DATA RECORDS:
· · · · ·
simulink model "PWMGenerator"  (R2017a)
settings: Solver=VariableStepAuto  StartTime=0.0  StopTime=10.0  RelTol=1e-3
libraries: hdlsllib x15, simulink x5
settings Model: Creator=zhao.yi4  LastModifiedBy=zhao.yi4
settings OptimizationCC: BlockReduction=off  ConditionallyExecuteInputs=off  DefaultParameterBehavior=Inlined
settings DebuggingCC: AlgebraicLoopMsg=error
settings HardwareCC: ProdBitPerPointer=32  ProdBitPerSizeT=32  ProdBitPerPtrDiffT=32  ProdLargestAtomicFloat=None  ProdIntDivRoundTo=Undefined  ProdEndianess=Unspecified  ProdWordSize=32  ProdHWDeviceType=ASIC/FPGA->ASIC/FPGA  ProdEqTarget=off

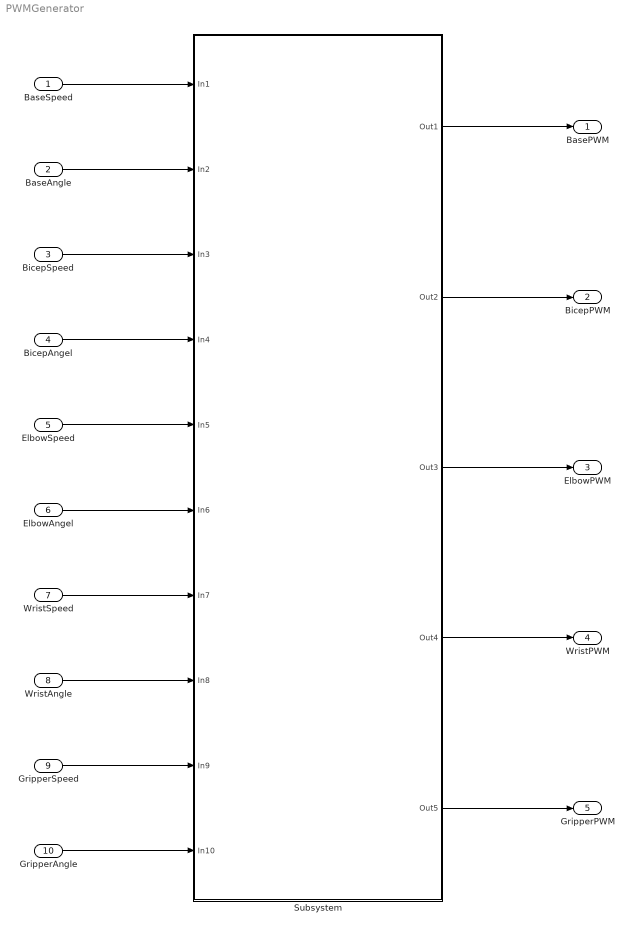
== system PWMGenerator ==
  BaseSpeed : Inport  OutDataTypeStr=uint8  SampleTime=1
  BaseAngle : Inport  Port=2  OutDataTypeStr=uint8  SampleTime=1
  BicepSpeed : Inport  Port=3  OutDataTypeStr=uint8  SampleTime=1
  BicepAngel : Inport  Port=4  OutDataTypeStr=uint8  SampleTime=1
  ElbowSpeed : Inport  Port=5  OutDataTypeStr=uint8  SampleTime=1
  ElbowAngel : Inport  Port=6  OutDataTypeStr=uint8  SampleTime=1
  WristSpeed : Inport  Port=7  OutDataTypeStr=uint8  SampleTime=1
  WristAngle : Inport  Port=8  OutDataTypeStr=uint8  SampleTime=1
  GripperSpeed : Inport  Port=9  OutDataTypeStr=uint8  SampleTime=1
  GripperAngle : Inport  Port=10  OutDataTypeStr=uint8  SampleTime=1
  Subsystem : Subsystem
  "BasePWM " : Outport  SampleTime=1
  "BicepPWM " : Outport  Port=2  SampleTime=1
  "ElbowPWM " : Outport  Port=3  SampleTime=1
  "WristPWM " : Outport  Port=4  SampleTime=1
  "GripperPWM " : Outport  Port=5  SampleTime=1
  wires:
  BaseSpeed/1 -> Subsystem/1(In1)
  BaseAngle/1 -> Subsystem/2(In2)
  BicepSpeed/1 -> Subsystem/3(In3)
  BicepAngel/1 -> Subsystem/4(In4)
  ElbowSpeed/1 -> Subsystem/5(In5)
  ElbowAngel/1 -> Subsystem/6(In6)
  WristSpeed/1 -> Subsystem/7(In7)
  WristAngle/1 -> Subsystem/8(In8)
  GripperSpeed/1 -> Subsystem/9(In9)
  GripperAngle/1 -> Subsystem/10(In10)
  Subsystem/1(Out1) -> "BasePWM "/1
  Subsystem/2(Out2) -> "BicepPWM "/1
  Subsystem/3(Out3) -> "ElbowPWM "/1
  Subsystem/4(Out4) -> "WristPWM "/1
  Subsystem/5(Out5) -> "GripperPWM "/1

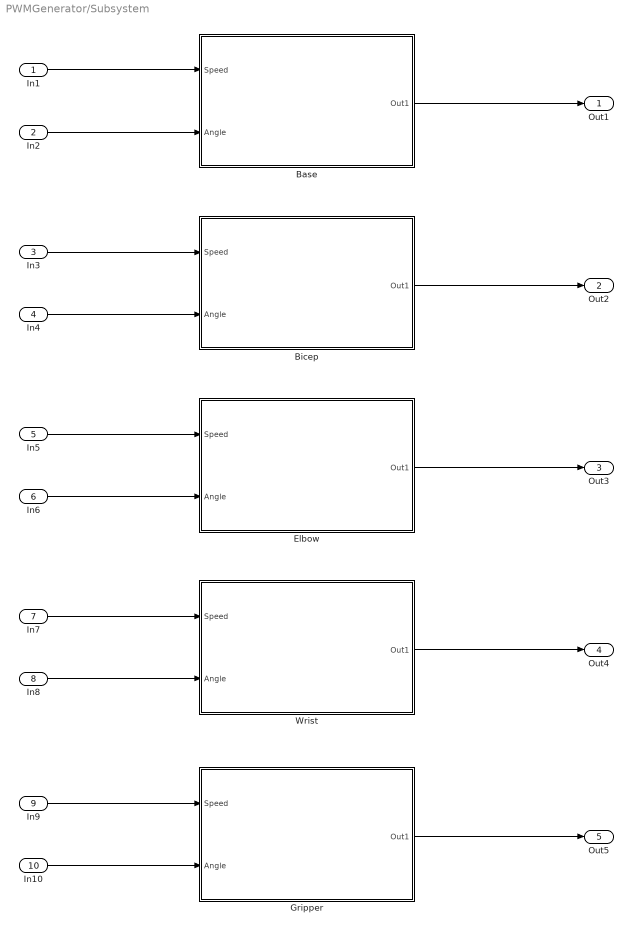
== system PWMGenerator/Subsystem ==
  In1 : Inport
  In2 : Inport  Port=2
  In3 : Inport  Port=3
  In4 : Inport  Port=4
  In5 : Inport  Port=5
  In6 : Inport  Port=6
  In7 : Inport  Port=7
  In8 : Inport  Port=8
  In9 : Inport  Port=9
  In10 : Inport  Port=10
  Base : Subsystem
  Bicep : Subsystem
  Elbow : Subsystem
  Gripper : Subsystem
  Wrist : Subsystem
  Out1 : Outport
  Out2 : Outport  Port=2
  Out3 : Outport  Port=3
  Out4 : Outport  Port=4
  Out5 : Outport  Port=5
  wires:
  Bicep/1(Out1) -> Out2/1
  In3/1 -> Bicep/1("Speed ")
  In4/1 -> Bicep/2(Angle)
  In1/1 -> Base/1("Speed ")
  In2/1 -> Base/2(Angle)
  Base/1(Out1) -> Out1/1
  In7/1 -> Wrist/1("Speed ")
  Wrist/1(Out1) -> Out4/1
  In8/1 -> Wrist/2(Angle)
  Elbow/1(Out1) -> Out3/1
  In6/1 -> Elbow/2(Angle)
  In5/1 -> Elbow/1("Speed ")
  Gripper/1(Out1) -> Out5/1
  In9/1 -> Gripper/1("Speed ")
  In10/1 -> Gripper/2(Angle)

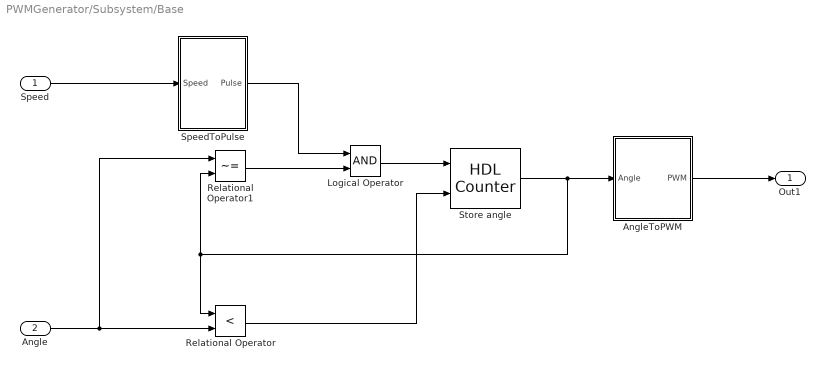
== system PWMGenerator/Subsystem/Base ==
  "Speed " : Inport  SampleTime=1
  Angle : Inport  Port=2  SampleTime=1
  "AngleToPWM " : Subsystem
  Logical Operator : Logic  AllPortsSameDT=off  OutDataTypeStr=boolean
  Relational Operator : RelationalOperator  Operator=<  OutDataTypeStr=boolean  RndMeth=Simplest
  Relational Operator1 : RelationalOperator  Operator=~=  OutDataTypeStr=boolean  RndMeth=Simplest
  SpeedToPulse : Subsystem
  Store angle : hdlsllib/HDL Operations/HDL Counter  CountType=Count limited  CountInit=90  CountStep=1  CountMax=185  CountFromType=Initial value  CountFrom=90  CountResetPort=off  CountLoadPort=off  CountEnbPort=on  CountDirPort=on  CountDataType=Unsigned  CountWordLen=8  CountFracLen=0  CountSampTime=1
      settings: SourceProductName=HDL Coder  SourceProductBaseCode=HD
  Out1 : Outport  SampleTime=1
  wires:
  "AngleToPWM "/1("PWM ") -> Out1/1
  Logical Operator/1 -> Store angle/1
  Store angle/1 -> Relational Operator1/2, Relational Operator/1, "AngleToPWM "/1(Angle)
  Relational Operator/1 -> Store angle/2
  Angle/1 -> Relational Operator1/1, Relational Operator/2
  SpeedToPulse/1("Pulse ") -> Logical Operator/1
  "Speed "/1 -> SpeedToPulse/1(Speed)
  Relational Operator1/1 -> Logical Operator/2

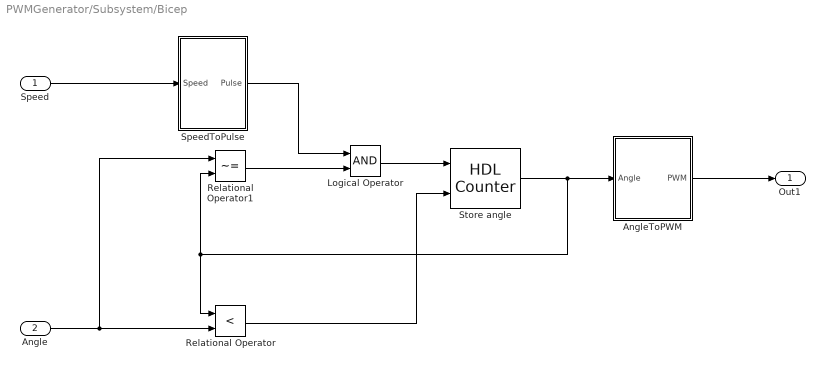
== system PWMGenerator/Subsystem/Bicep ==
  "Speed " : Inport  SampleTime=1
  Angle : Inport  Port=2  SampleTime=1
  "AngleToPWM " : Subsystem
  Logical Operator : Logic  AllPortsSameDT=off  OutDataTypeStr=boolean
  Relational Operator : RelationalOperator  Operator=<  OutDataTypeStr=boolean  RndMeth=Simplest
  Relational Operator1 : RelationalOperator  Operator=~=  OutDataTypeStr=boolean  RndMeth=Simplest
  SpeedToPulse : Subsystem
  Store angle : hdlsllib/HDL Operations/HDL Counter  CountType=Count limited  CountInit=90  CountStep=1  CountMax=185  CountFromType=Initial value  CountFrom=90  CountResetPort=off  CountLoadPort=off  CountEnbPort=on  CountDirPort=on  CountDataType=Unsigned  CountWordLen=8  CountFracLen=0  CountSampTime=1
      settings: SourceProductName=HDL Coder  SourceProductBaseCode=HD
  Out1 : Outport  SampleTime=1
  wires:
  "AngleToPWM "/1("PWM ") -> Out1/1
  Logical Operator/1 -> Store angle/1
  Store angle/1 -> Relational Operator1/2, Relational Operator/1, "AngleToPWM "/1(Angle)
  Relational Operator/1 -> Store angle/2
  Angle/1 -> Relational Operator1/1, Relational Operator/2
  SpeedToPulse/1("Pulse ") -> Logical Operator/1
  "Speed "/1 -> SpeedToPulse/1(Speed)
  Relational Operator1/1 -> Logical Operator/2

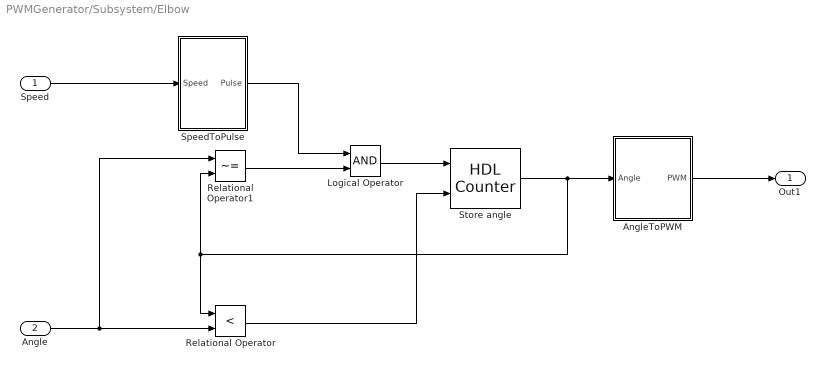
== system PWMGenerator/Subsystem/Elbow ==
  "Speed " : Inport  SampleTime=1
  Angle : Inport  Port=2  SampleTime=1
  "AngleToPWM " : Subsystem
  Logical Operator : Logic  AllPortsSameDT=off  OutDataTypeStr=boolean
  Relational Operator : RelationalOperator  Operator=<  OutDataTypeStr=boolean  RndMeth=Simplest
  Relational Operator1 : RelationalOperator  Operator=~=  OutDataTypeStr=boolean  RndMeth=Simplest
  SpeedToPulse : Subsystem
  Store angle : hdlsllib/HDL Operations/HDL Counter  CountType=Count limited  CountInit=90  CountStep=1  CountMax=185  CountFromType=Initial value  CountFrom=90  CountResetPort=off  CountLoadPort=off  CountEnbPort=on  CountDirPort=on  CountDataType=Unsigned  CountWordLen=8  CountFracLen=0  CountSampTime=1
      settings: SourceProductName=HDL Coder  SourceProductBaseCode=HD
  Out1 : Outport  SampleTime=1
  wires:
  "AngleToPWM "/1("PWM ") -> Out1/1
  Logical Operator/1 -> Store angle/1
  Store angle/1 -> Relational Operator1/2, Relational Operator/1, "AngleToPWM "/1(Angle)
  Relational Operator/1 -> Store angle/2
  Angle/1 -> Relational Operator1/1, Relational Operator/2
  SpeedToPulse/1("Pulse ") -> Logical Operator/1
  "Speed "/1 -> SpeedToPulse/1(Speed)
  Relational Operator1/1 -> Logical Operator/2

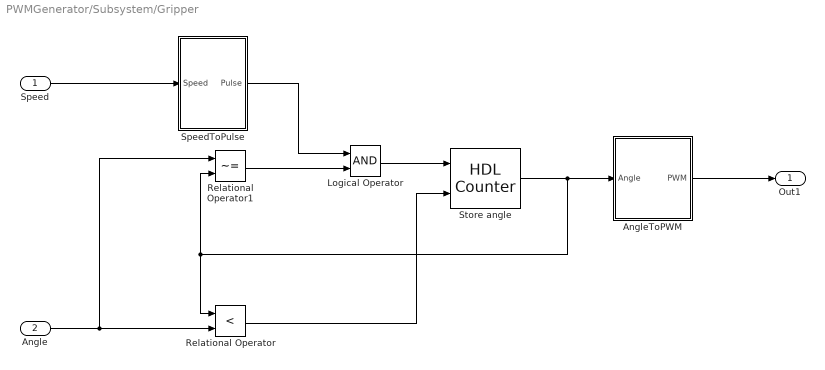
== system PWMGenerator/Subsystem/Gripper ==
  "Speed " : Inport  SampleTime=1
  Angle : Inport  Port=2  SampleTime=1
  "AngleToPWM " : Subsystem
  Logical Operator : Logic  AllPortsSameDT=off  OutDataTypeStr=boolean
  Relational Operator : RelationalOperator  Operator=<  OutDataTypeStr=boolean  RndMeth=Simplest
  Relational Operator1 : RelationalOperator  Operator=~=  OutDataTypeStr=boolean  RndMeth=Simplest
  SpeedToPulse : Subsystem
  Store angle : hdlsllib/HDL Operations/HDL Counter  CountType=Count limited  CountInit=90  CountStep=1  CountMax=185  CountFromType=Initial value  CountFrom=90  CountResetPort=off  CountLoadPort=off  CountEnbPort=on  CountDirPort=on  CountDataType=Unsigned  CountWordLen=8  CountFracLen=0  CountSampTime=1
      settings: SourceProductName=HDL Coder  SourceProductBaseCode=HD
  Out1 : Outport  SampleTime=1
  wires:
  "AngleToPWM "/1("PWM ") -> Out1/1
  Logical Operator/1 -> Store angle/1
  Store angle/1 -> Relational Operator1/2, Relational Operator/1, "AngleToPWM "/1(Angle)
  Relational Operator/1 -> Store angle/2
  Angle/1 -> Relational Operator1/1, Relational Operator/2
  SpeedToPulse/1("Pulse ") -> Logical Operator/1
  "Speed "/1 -> SpeedToPulse/1(Speed)
  Relational Operator1/1 -> Logical Operator/2

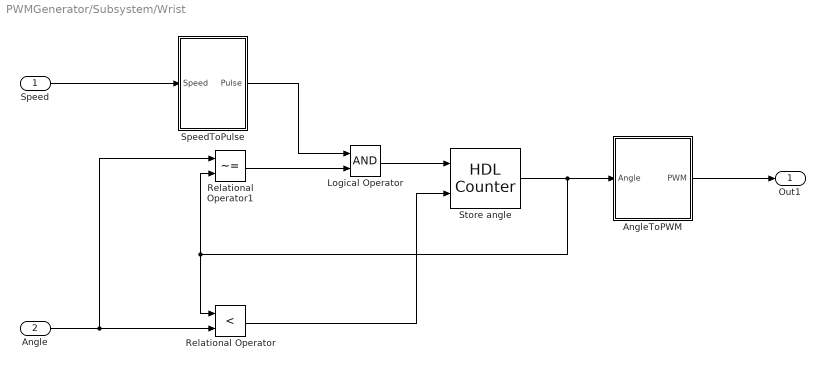
== system PWMGenerator/Subsystem/Wrist ==
  "Speed " : Inport  SampleTime=1
  Angle : Inport  Port=2  SampleTime=1
  "AngleToPWM " : Subsystem
  Logical Operator : Logic  AllPortsSameDT=off  OutDataTypeStr=boolean
  Relational Operator : RelationalOperator  Operator=<  OutDataTypeStr=boolean  RndMeth=Simplest
  Relational Operator1 : RelationalOperator  Operator=~=  OutDataTypeStr=boolean  RndMeth=Simplest
  SpeedToPulse : Subsystem
  Store angle : hdlsllib/HDL Operations/HDL Counter  CountType=Count limited  CountInit=90  CountStep=1  CountMax=185  CountFromType=Initial value  CountFrom=90  CountResetPort=off  CountLoadPort=off  CountEnbPort=on  CountDirPort=on  CountDataType=Unsigned  CountWordLen=8  CountFracLen=0  CountSampTime=1
      settings: SourceProductName=HDL Coder  SourceProductBaseCode=HD
  Out1 : Outport  SampleTime=1
  wires:
  "AngleToPWM "/1("PWM ") -> Out1/1
  Logical Operator/1 -> Store angle/1
  Store angle/1 -> Relational Operator1/2, Relational Operator/1, "AngleToPWM "/1(Angle)
  Relational Operator/1 -> Store angle/2
  Angle/1 -> Relational Operator1/1, Relational Operator/2
  SpeedToPulse/1("Pulse ") -> Logical Operator/1
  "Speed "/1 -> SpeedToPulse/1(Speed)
· · · · ·
EXERCISE DETAILS: Respond with the count of lines in the material above that contain the word "WristAngle", and add nothing to it.

ANSWER AREA: 2